▶ Exercise:
Transcribe the listing in full, excluding any pictures.

════════════════════

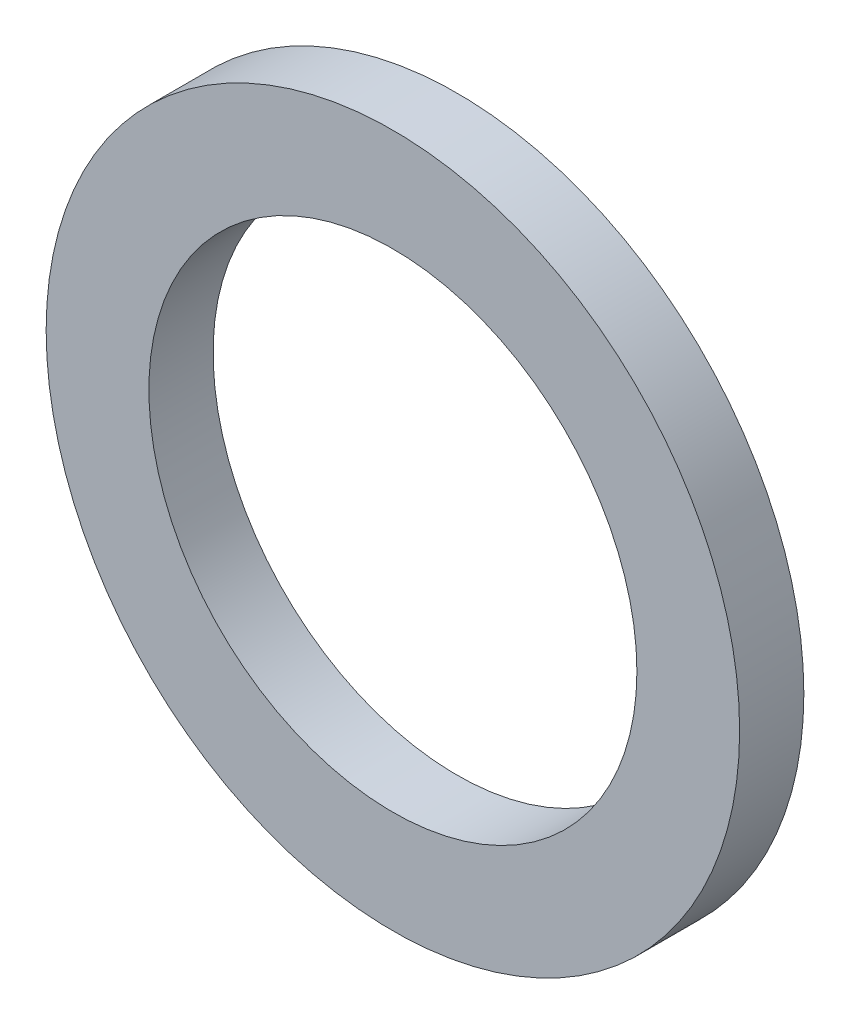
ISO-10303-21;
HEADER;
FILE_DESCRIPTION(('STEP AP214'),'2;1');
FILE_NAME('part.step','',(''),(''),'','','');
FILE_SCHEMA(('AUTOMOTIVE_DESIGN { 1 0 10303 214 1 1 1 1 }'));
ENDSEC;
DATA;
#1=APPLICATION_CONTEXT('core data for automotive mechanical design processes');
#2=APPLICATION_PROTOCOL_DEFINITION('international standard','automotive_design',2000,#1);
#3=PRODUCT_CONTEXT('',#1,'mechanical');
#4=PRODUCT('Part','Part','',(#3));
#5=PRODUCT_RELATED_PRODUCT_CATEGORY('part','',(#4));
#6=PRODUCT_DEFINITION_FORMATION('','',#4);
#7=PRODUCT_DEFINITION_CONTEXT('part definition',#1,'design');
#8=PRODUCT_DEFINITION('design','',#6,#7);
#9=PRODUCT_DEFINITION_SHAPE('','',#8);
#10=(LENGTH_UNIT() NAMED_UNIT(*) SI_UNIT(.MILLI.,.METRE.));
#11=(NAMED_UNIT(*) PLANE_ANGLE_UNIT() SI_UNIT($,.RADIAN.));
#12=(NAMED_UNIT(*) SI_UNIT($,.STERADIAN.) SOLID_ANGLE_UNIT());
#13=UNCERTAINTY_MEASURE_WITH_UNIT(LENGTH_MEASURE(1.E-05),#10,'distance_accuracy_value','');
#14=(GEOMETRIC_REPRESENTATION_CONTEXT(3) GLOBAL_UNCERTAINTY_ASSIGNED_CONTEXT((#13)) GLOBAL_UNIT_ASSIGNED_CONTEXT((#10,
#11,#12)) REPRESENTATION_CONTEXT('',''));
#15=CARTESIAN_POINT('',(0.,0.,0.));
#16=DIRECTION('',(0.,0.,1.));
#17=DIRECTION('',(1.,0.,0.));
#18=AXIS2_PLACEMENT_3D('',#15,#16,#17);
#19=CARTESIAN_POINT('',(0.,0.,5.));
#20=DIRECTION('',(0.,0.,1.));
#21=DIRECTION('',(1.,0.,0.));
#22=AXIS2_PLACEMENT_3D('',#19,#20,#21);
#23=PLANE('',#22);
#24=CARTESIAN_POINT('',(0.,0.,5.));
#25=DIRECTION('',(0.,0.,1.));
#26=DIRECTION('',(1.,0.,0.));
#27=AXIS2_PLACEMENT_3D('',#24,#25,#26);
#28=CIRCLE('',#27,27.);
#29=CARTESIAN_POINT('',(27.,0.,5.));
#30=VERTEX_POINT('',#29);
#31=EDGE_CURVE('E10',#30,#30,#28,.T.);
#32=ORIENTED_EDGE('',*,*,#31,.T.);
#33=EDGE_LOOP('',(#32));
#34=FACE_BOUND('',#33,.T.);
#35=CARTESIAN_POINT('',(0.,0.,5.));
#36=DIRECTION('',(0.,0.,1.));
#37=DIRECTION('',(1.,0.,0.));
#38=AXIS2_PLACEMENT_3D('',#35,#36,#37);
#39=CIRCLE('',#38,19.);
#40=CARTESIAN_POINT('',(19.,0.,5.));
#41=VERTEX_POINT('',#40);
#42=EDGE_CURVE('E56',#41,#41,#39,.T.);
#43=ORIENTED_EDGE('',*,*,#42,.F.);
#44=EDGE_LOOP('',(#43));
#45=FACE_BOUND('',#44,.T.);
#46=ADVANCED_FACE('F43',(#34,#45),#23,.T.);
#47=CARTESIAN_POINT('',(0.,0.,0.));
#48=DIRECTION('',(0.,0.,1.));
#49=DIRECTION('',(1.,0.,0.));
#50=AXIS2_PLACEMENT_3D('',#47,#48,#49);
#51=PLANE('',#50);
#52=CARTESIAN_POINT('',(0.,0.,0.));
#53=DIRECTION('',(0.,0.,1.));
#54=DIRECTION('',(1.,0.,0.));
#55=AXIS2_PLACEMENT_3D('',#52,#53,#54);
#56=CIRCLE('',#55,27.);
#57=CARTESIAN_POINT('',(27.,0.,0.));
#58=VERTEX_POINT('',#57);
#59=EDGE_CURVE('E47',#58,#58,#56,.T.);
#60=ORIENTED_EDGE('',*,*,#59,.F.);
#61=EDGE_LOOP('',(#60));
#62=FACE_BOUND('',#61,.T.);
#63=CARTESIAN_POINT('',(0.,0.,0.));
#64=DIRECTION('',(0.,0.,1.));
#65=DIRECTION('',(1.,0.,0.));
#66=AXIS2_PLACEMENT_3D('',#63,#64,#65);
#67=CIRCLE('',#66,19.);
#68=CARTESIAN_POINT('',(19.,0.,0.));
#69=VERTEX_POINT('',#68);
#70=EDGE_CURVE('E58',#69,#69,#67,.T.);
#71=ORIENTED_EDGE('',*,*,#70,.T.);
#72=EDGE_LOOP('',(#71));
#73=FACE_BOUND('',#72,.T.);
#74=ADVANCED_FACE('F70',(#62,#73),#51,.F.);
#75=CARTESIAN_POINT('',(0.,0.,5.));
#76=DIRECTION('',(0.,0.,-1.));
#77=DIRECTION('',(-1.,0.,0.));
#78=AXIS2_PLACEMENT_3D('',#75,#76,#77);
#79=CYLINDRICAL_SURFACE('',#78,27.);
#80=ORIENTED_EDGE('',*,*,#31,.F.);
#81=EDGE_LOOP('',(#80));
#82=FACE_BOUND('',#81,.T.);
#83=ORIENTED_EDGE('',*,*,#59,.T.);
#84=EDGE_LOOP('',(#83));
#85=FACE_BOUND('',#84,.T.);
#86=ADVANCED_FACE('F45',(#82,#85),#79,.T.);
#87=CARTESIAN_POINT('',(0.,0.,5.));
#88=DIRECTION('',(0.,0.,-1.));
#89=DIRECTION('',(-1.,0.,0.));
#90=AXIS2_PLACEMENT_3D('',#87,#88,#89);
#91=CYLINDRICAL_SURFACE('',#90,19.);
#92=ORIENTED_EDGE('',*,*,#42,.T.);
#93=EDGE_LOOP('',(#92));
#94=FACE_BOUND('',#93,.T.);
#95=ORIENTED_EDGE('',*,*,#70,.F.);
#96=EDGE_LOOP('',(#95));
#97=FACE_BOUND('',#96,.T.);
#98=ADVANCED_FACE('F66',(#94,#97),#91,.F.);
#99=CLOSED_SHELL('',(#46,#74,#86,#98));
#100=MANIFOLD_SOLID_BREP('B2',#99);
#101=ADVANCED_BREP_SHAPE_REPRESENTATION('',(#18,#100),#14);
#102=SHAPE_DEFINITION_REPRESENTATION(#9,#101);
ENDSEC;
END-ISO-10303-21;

════════════════════

▶ Result of the exercise:
ISO-10303-21;
HEADER;
FILE_DESCRIPTION(('STEP AP214'),'2;1');
FILE_NAME('part.step','',(''),(''),'','','');
FILE_SCHEMA(('AUTOMOTIVE_DESIGN { 1 0 10303 214 1 1 1 1 }'));
ENDSEC;
DATA;
#1=APPLICATION_CONTEXT('core data for automotive mechanical design processes');
#2=APPLICATION_PROTOCOL_DEFINITION('international standard','automotive_design',2000,#1);
#3=PRODUCT_CONTEXT('',#1,'mechanical');
#4=PRODUCT('Part','Part','',(#3));
#5=PRODUCT_RELATED_PRODUCT_CATEGORY('part','',(#4));
#6=PRODUCT_DEFINITION_FORMATION('','',#4);
#7=PRODUCT_DEFINITION_CONTEXT('part definition',#1,'design');
#8=PRODUCT_DEFINITION('design','',#6,#7);
#9=PRODUCT_DEFINITION_SHAPE('','',#8);
#10=(LENGTH_UNIT() NAMED_UNIT(*) SI_UNIT(.MILLI.,.METRE.));
#11=(NAMED_UNIT(*) PLANE_ANGLE_UNIT() SI_UNIT($,.RADIAN.));
#12=(NAMED_UNIT(*) SI_UNIT($,.STERADIAN.) SOLID_ANGLE_UNIT());
#13=UNCERTAINTY_MEASURE_WITH_UNIT(LENGTH_MEASURE(1.E-05),#10,'distance_accuracy_value','');
#14=(GEOMETRIC_REPRESENTATION_CONTEXT(3) GLOBAL_UNCERTAINTY_ASSIGNED_CONTEXT((#13)) GLOBAL_UNIT_ASSIGNED_CONTEXT((#10,
#11,#12)) REPRESENTATION_CONTEXT('',''));
#15=CARTESIAN_POINT('',(0.,0.,0.));
#16=DIRECTION('',(0.,0.,1.));
#17=DIRECTION('',(1.,0.,0.));
#18=AXIS2_PLACEMENT_3D('',#15,#16,#17);
#19=CARTESIAN_POINT('',(0.,0.,5.));
#20=DIRECTION('',(0.,0.,1.));
#21=DIRECTION('',(1.,0.,0.));
#22=AXIS2_PLACEMENT_3D('',#19,#20,#21);
#23=PLANE('',#22);
#24=CARTESIAN_POINT('',(0.,0.,5.));
#25=DIRECTION('',(0.,0.,1.));
#26=DIRECTION('',(1.,0.,0.));
#27=AXIS2_PLACEMENT_3D('',#24,#25,#26);
#28=CIRCLE('',#27,27.);
#29=CARTESIAN_POINT('',(27.,0.,5.));
#30=VERTEX_POINT('',#29);
#31=EDGE_CURVE('E10',#30,#30,#28,.T.);
#32=ORIENTED_EDGE('',*,*,#31,.T.);
#33=EDGE_LOOP('',(#32));
#34=FACE_BOUND('',#33,.T.);
#35=CARTESIAN_POINT('',(0.,0.,5.));
#36=DIRECTION('',(0.,0.,1.));
#37=DIRECTION('',(1.,0.,0.));
#38=AXIS2_PLACEMENT_3D('',#35,#36,#37);
#39=CIRCLE('',#38,19.);
#40=CARTESIAN_POINT('',(19.,0.,5.));
#41=VERTEX_POINT('',#40);
#42=EDGE_CURVE('E56',#41,#41,#39,.T.);
#43=ORIENTED_EDGE('',*,*,#42,.F.);
#44=EDGE_LOOP('',(#43));
#45=FACE_BOUND('',#44,.T.);
#46=ADVANCED_FACE('F43',(#34,#45),#23,.T.);
#47=CARTESIAN_POINT('',(0.,0.,0.));
#48=DIRECTION('',(0.,0.,1.));
#49=DIRECTION('',(1.,0.,0.));
#50=AXIS2_PLACEMENT_3D('',#47,#48,#49);
#51=PLANE('',#50);
#52=CARTESIAN_POINT('',(0.,0.,0.));
#53=DIRECTION('',(0.,0.,1.));
#54=DIRECTION('',(1.,0.,0.));
#55=AXIS2_PLACEMENT_3D('',#52,#53,#54);
#56=CIRCLE('',#55,27.);
#57=CARTESIAN_POINT('',(27.,0.,0.));
#58=VERTEX_POINT('',#57);
#59=EDGE_CURVE('E47',#58,#58,#56,.T.);
#60=ORIENTED_EDGE('',*,*,#59,.F.);
#61=EDGE_LOOP('',(#60));
#62=FACE_BOUND('',#61,.T.);
#63=CARTESIAN_POINT('',(0.,0.,0.));
#64=DIRECTION('',(0.,0.,1.));
#65=DIRECTION('',(1.,0.,0.));
#66=AXIS2_PLACEMENT_3D('',#63,#64,#65);
#67=CIRCLE('',#66,19.);
#68=CARTESIAN_POINT('',(19.,0.,0.));
#69=VERTEX_POINT('',#68);
#70=EDGE_CURVE('E58',#69,#69,#67,.T.);
#71=ORIENTED_EDGE('',*,*,#70,.T.);
#72=EDGE_LOOP('',(#71));
#73=FACE_BOUND('',#72,.T.);
#74=ADVANCED_FACE('F70',(#62,#73),#51,.F.);
#75=CARTESIAN_POINT('',(0.,0.,5.));
#76=DIRECTION('',(0.,0.,-1.));
#77=DIRECTION('',(-1.,0.,0.));
#78=AXIS2_PLACEMENT_3D('',#75,#76,#77);
#79=CYLINDRICAL_SURFACE('',#78,27.);
#80=ORIENTED_EDGE('',*,*,#31,.F.);
#81=EDGE_LOOP('',(#80));
#82=FACE_BOUND('',#81,.T.);
#83=ORIENTED_EDGE('',*,*,#59,.T.);
#84=EDGE_LOOP('',(#83));
#85=FACE_BOUND('',#84,.T.);
#86=ADVANCED_FACE('F45',(#82,#85),#79,.T.);
#87=CARTESIAN_POINT('',(0.,0.,5.));
#88=DIRECTION('',(0.,0.,-1.));
#89=DIRECTION('',(-1.,0.,0.));
#90=AXIS2_PLACEMENT_3D('',#87,#88,#89);
#91=CYLINDRICAL_SURFACE('',#90,19.);
#92=ORIENTED_EDGE('',*,*,#42,.T.);
#93=EDGE_LOOP('',(#92));
#94=FACE_BOUND('',#93,.T.);
#95=ORIENTED_EDGE('',*,*,#70,.F.);
#96=EDGE_LOOP('',(#95));
#97=FACE_BOUND('',#96,.T.);
#98=ADVANCED_FACE('F66',(#94,#97),#91,.F.);
#99=CLOSED_SHELL('',(#46,#74,#86,#98));
#100=MANIFOLD_SOLID_BREP('B2',#99);
#101=ADVANCED_BREP_SHAPE_REPRESENTATION('',(#18,#100),#14);
#102=SHAPE_DEFINITION_REPRESENTATION(#9,#101);
ENDSEC;
END-ISO-10303-21;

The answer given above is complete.